The position of INEC in the Wabara palaver is what makes the case both fascinating and tragic for every Nigerian. Who speaks for INEC in this case? Is it the integrity-challenged INEC of Abuja or the mythology-spewing INEC of Abia State?

Wabara's bright week continued deep into the midweek. In line with his declaration that God almighty was engaged in a fight on his behalf, the resident electoral commissioner in Abia State, Elkanah Adeoye Akintade put forward a graphic narration of the little moments that eerily plunged the embattled senator into the present quagmire. According to an apparently flustered electoral commissioner of Abia State, the plight of Senate President Wabara was caused by a spectacularly executed 419 escapade against him by people suspected to have been agents of Elder Dan Imo. Wabara, according to the commissioner was in short a victim of 419-scam in the 2003 National Assembly election. An impersonator had deceived the returning officer of the zone into accepting a false result that denied Wabara his earned victory early on the day the results were released. But this was promptly corrected and victory re-awarded to the rightful winner, being senate president Wabara. But the confusion of viewing Dan Imo as the winner of the disputed seat remained with the Abuja headquarters of the INEC, which appeared to have had its own line of communication with the electorate of Abia South senatorial district different from those of the Abia State electoral commissioner and Abia South returning officer.

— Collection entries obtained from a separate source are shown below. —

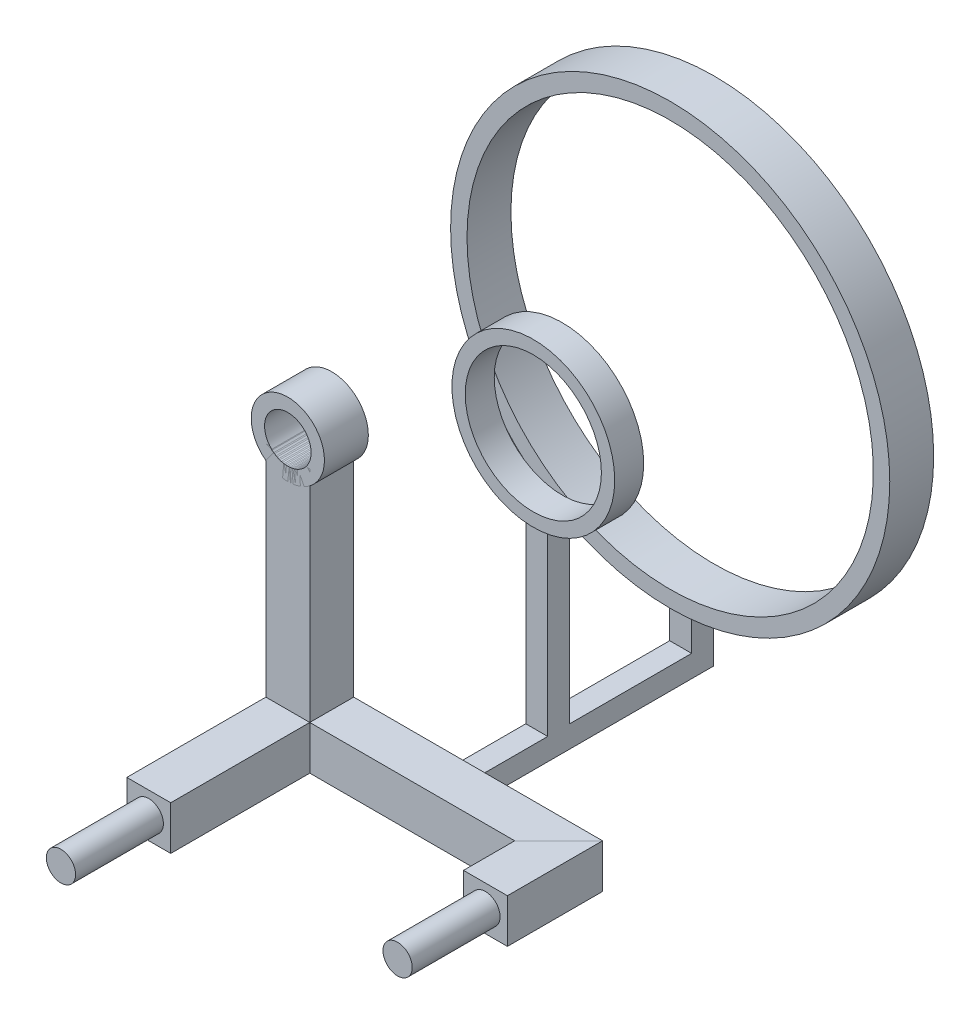
ISO-10303-21;
HEADER;
FILE_DESCRIPTION(('STEP AP214'),'2;1');
FILE_NAME('part.step','',(''),(''),'','','');
FILE_SCHEMA(('AUTOMOTIVE_DESIGN { 1 0 10303 214 1 1 1 1 }'));
ENDSEC;
DATA;
#1=APPLICATION_CONTEXT('core data for automotive mechanical design processes');
#2=APPLICATION_PROTOCOL_DEFINITION('international standard','automotive_design',2000,#1);
#3=PRODUCT_CONTEXT('',#1,'mechanical');
#4=PRODUCT('Part','Part','',(#3));
#5=PRODUCT_RELATED_PRODUCT_CATEGORY('part','',(#4));
#6=PRODUCT_DEFINITION_FORMATION('','',#4);
#7=PRODUCT_DEFINITION_CONTEXT('part definition',#1,'design');
#8=PRODUCT_DEFINITION('design','',#6,#7);
#9=PRODUCT_DEFINITION_SHAPE('','',#8);
#10=(LENGTH_UNIT() NAMED_UNIT(*) SI_UNIT(.MILLI.,.METRE.));
#11=(NAMED_UNIT(*) PLANE_ANGLE_UNIT() SI_UNIT($,.RADIAN.));
#12=(NAMED_UNIT(*) SI_UNIT($,.STERADIAN.) SOLID_ANGLE_UNIT());
#13=UNCERTAINTY_MEASURE_WITH_UNIT(LENGTH_MEASURE(1.E-05),#10,'distance_accuracy_value','');
#14=(GEOMETRIC_REPRESENTATION_CONTEXT(3) GLOBAL_UNCERTAINTY_ASSIGNED_CONTEXT((#13)) GLOBAL_UNIT_ASSIGNED_CONTEXT((#10,
#11,#12)) REPRESENTATION_CONTEXT('',''));
#15=CARTESIAN_POINT('',(0.,0.,0.));
#16=DIRECTION('',(0.,0.,1.));
#17=DIRECTION('',(1.,0.,0.));
#18=AXIS2_PLACEMENT_3D('',#15,#16,#17);
#19=CARTESIAN_POINT('',(8.95579673157945,0.,-19.8));
#20=DIRECTION('',(1.,0.,0.));
#21=DIRECTION('',(0.,0.,-1.));
#22=AXIS2_PLACEMENT_3D('',#19,#20,#21);
#23=PLANE('',#22);
#24=DIRECTION('',(0.,-1.,0.));
#25=VECTOR('',#24,1.);
#26=CARTESIAN_POINT('',(8.95579673157945,-1.5,-29.63));
#27=LINE('',#26,#25);
#28=CARTESIAN_POINT('',(8.95579673157945,2.69708856600093,-29.63));
#29=VERTEX_POINT('',#28);
#30=CARTESIAN_POINT('',(8.95579673157945,-1.5,-29.63));
#31=VERTEX_POINT('',#30);
#32=EDGE_CURVE('E139',#29,#31,#27,.T.);
#33=ORIENTED_EDGE('',*,*,#32,.F.);
#34=DIRECTION('',(0.,0.,1.));
#35=VECTOR('',#34,1.);
#36=CARTESIAN_POINT('',(8.95579673157945,2.69708856600093,-30.38));
#37=LINE('',#36,#35);
#38=CARTESIAN_POINT('',(8.95579673157945,2.69708856600093,-28.13));
#39=VERTEX_POINT('',#38);
#40=EDGE_CURVE('E137',#29,#39,#37,.T.);
#41=ORIENTED_EDGE('',*,*,#40,.T.);
#42=DIRECTION('',(0.,-1.,0.));
#43=VECTOR('',#42,1.);
#44=CARTESIAN_POINT('',(8.95579673157945,3.,-28.13));
#45=LINE('',#44,#43);
#46=CARTESIAN_POINT('',(8.95579673157945,0.,-28.13));
#47=VERTEX_POINT('',#46);
#48=EDGE_CURVE('E127',#39,#47,#45,.T.);
#49=ORIENTED_EDGE('',*,*,#48,.T.);
#50=DIRECTION('',(0.,0.,1.));
#51=VECTOR('',#50,1.);
#52=CARTESIAN_POINT('',(8.95579673157945,0.,-29.63));
#53=LINE('',#52,#51);
#54=CARTESIAN_POINT('',(8.95579673157945,0.,-19.8));
#55=VERTEX_POINT('',#54);
#56=EDGE_CURVE('E160',#47,#55,#53,.T.);
#57=ORIENTED_EDGE('',*,*,#56,.T.);
#58=DIRECTION('',(0.,1.,0.));
#59=VECTOR('',#58,1.);
#60=CARTESIAN_POINT('',(8.95579673157945,0.,-19.8));
#61=LINE('',#60,#59);
#62=CARTESIAN_POINT('',(8.95579673157945,12.1701638778981,-19.8));
#63=VERTEX_POINT('',#62);
#64=EDGE_CURVE('E194',#55,#63,#61,.T.);
#65=ORIENTED_EDGE('',*,*,#64,.T.);
#66=DIRECTION('',(0.,0.,-1.));
#67=VECTOR('',#66,1.);
#68=CARTESIAN_POINT('',(8.95579673157945,12.1701638778981,-18.06));
#69=LINE('',#68,#67);
#70=CARTESIAN_POINT('',(8.95579673157945,12.1701638778981,-18.3));
#71=VERTEX_POINT('',#70);
#72=EDGE_CURVE('E180',#63,#71,#69,.F.);
#73=ORIENTED_EDGE('',*,*,#72,.T.);
#74=DIRECTION('',(0.,-1.,0.));
#75=VECTOR('',#74,1.);
#76=CARTESIAN_POINT('',(8.95579673157945,17.68,-18.3));
#77=LINE('',#76,#75);
#78=CARTESIAN_POINT('',(8.95579673157945,0.,-18.3));
#79=VERTEX_POINT('',#78);
#80=EDGE_CURVE('E189',#71,#79,#77,.T.);
#81=ORIENTED_EDGE('',*,*,#80,.T.);
#82=DIRECTION('',(0.,0.,1.));
#83=VECTOR('',#82,1.);
#84=CARTESIAN_POINT('',(8.95579673157945,0.,-19.8));
#85=LINE('',#84,#83);
#86=CARTESIAN_POINT('',(8.95579673157945,0.,-11.75));
#87=VERTEX_POINT('',#86);
#88=EDGE_CURVE('E200',#79,#87,#85,.T.);
#89=ORIENTED_EDGE('',*,*,#88,.T.);
#90=DIRECTION('',(0.,1.,0.));
#91=VECTOR('',#90,1.);
#92=CARTESIAN_POINT('',(8.95579673157945,0.,-11.75));
#93=LINE('',#92,#91);
#94=CARTESIAN_POINT('',(8.95579673157945,-1.5,-11.75));
#95=VERTEX_POINT('',#94);
#96=EDGE_CURVE('E193',#95,#87,#93,.T.);
#97=ORIENTED_EDGE('',*,*,#96,.F.);
#98=DIRECTION('',(0.,0.,1.));
#99=VECTOR('',#98,1.);
#100=CARTESIAN_POINT('',(8.95579673157945,-1.5,-19.8));
#101=LINE('',#100,#99);
#102=EDGE_CURVE('E211',#31,#95,#101,.T.);
#103=ORIENTED_EDGE('',*,*,#102,.F.);
#104=EDGE_LOOP('',(#33,#41,#49,#57,#65,#73,#81,#89,#97,#103));
#105=FACE_BOUND('',#104,.T.);
#106=ADVANCED_FACE('F50',(#105),#23,.T.);
#107=CARTESIAN_POINT('',(7.45579673157945,0.,-19.8));
#108=DIRECTION('',(-1.,0.,0.));
#109=DIRECTION('',(0.,0.,1.));
#110=AXIS2_PLACEMENT_3D('',#107,#108,#109);
#111=PLANE('',#110);
#112=DIRECTION('',(0.,-1.,0.));
#113=VECTOR('',#112,1.);
#114=CARTESIAN_POINT('',(7.45579673157945,3.,-28.13));
#115=LINE('',#114,#113);
#116=CARTESIAN_POINT('',(7.45579673157945,2.70051318523233,-28.13));
#117=VERTEX_POINT('',#116);
#118=CARTESIAN_POINT('',(7.45579673157945,0.,-28.13));
#119=VERTEX_POINT('',#118);
#120=EDGE_CURVE('E134',#117,#119,#115,.T.);
#121=ORIENTED_EDGE('',*,*,#120,.F.);
#122=DIRECTION('',(0.,0.,1.));
#123=VECTOR('',#122,1.);
#124=CARTESIAN_POINT('',(7.45579673157945,2.70051318523233,-30.38));
#125=LINE('',#124,#123);
#126=CARTESIAN_POINT('',(7.45579673157945,2.70051318523233,-29.63));
#127=VERTEX_POINT('',#126);
#128=EDGE_CURVE('E64',#117,#127,#125,.F.);
#129=ORIENTED_EDGE('',*,*,#128,.T.);
#130=DIRECTION('',(0.,1.,0.));
#131=VECTOR('',#130,1.);
#132=CARTESIAN_POINT('',(7.45579673157945,-1.5,-29.63));
#133=LINE('',#132,#131);
#134=CARTESIAN_POINT('',(7.45579673157945,-1.5,-29.63));
#135=VERTEX_POINT('',#134);
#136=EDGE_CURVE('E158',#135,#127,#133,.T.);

Akintade's account of the tragedy sounded so romantic and believable like any village cock and bull story. It appeared like a story lifted from the book of ancient Babylonian or Greek mythologies. An agent of Dan Imo had impersonated the collation officer and turned in a fraudulent result with which Imo was declared the winner of the senatorial election of Abia South senatorial zone. As I read the story of deceit and impersonation in the 21st century Nigerian politics, I put on my biblical scholarship hat. And immediately I began to think of the Epic of Gilgamesh in the Sumerian and Babylonian legends. How the Abia South Senatorial Returning Officer was allegedly conned by Elder Imo's agent into declaring his man the winner of the senate seat of Abia south senatorial constituency approximated, in my view, to the stealing of the secret plant of immortality Utnaphistin gave to Gilgamesh by the nefarious serpent when the former was taking his bath. Akintade's fable is for me the highpoint of Nigeria's fairy tale elections of 2003. Our country is indeed the magic fairy-tale kingdom of the 21st century world.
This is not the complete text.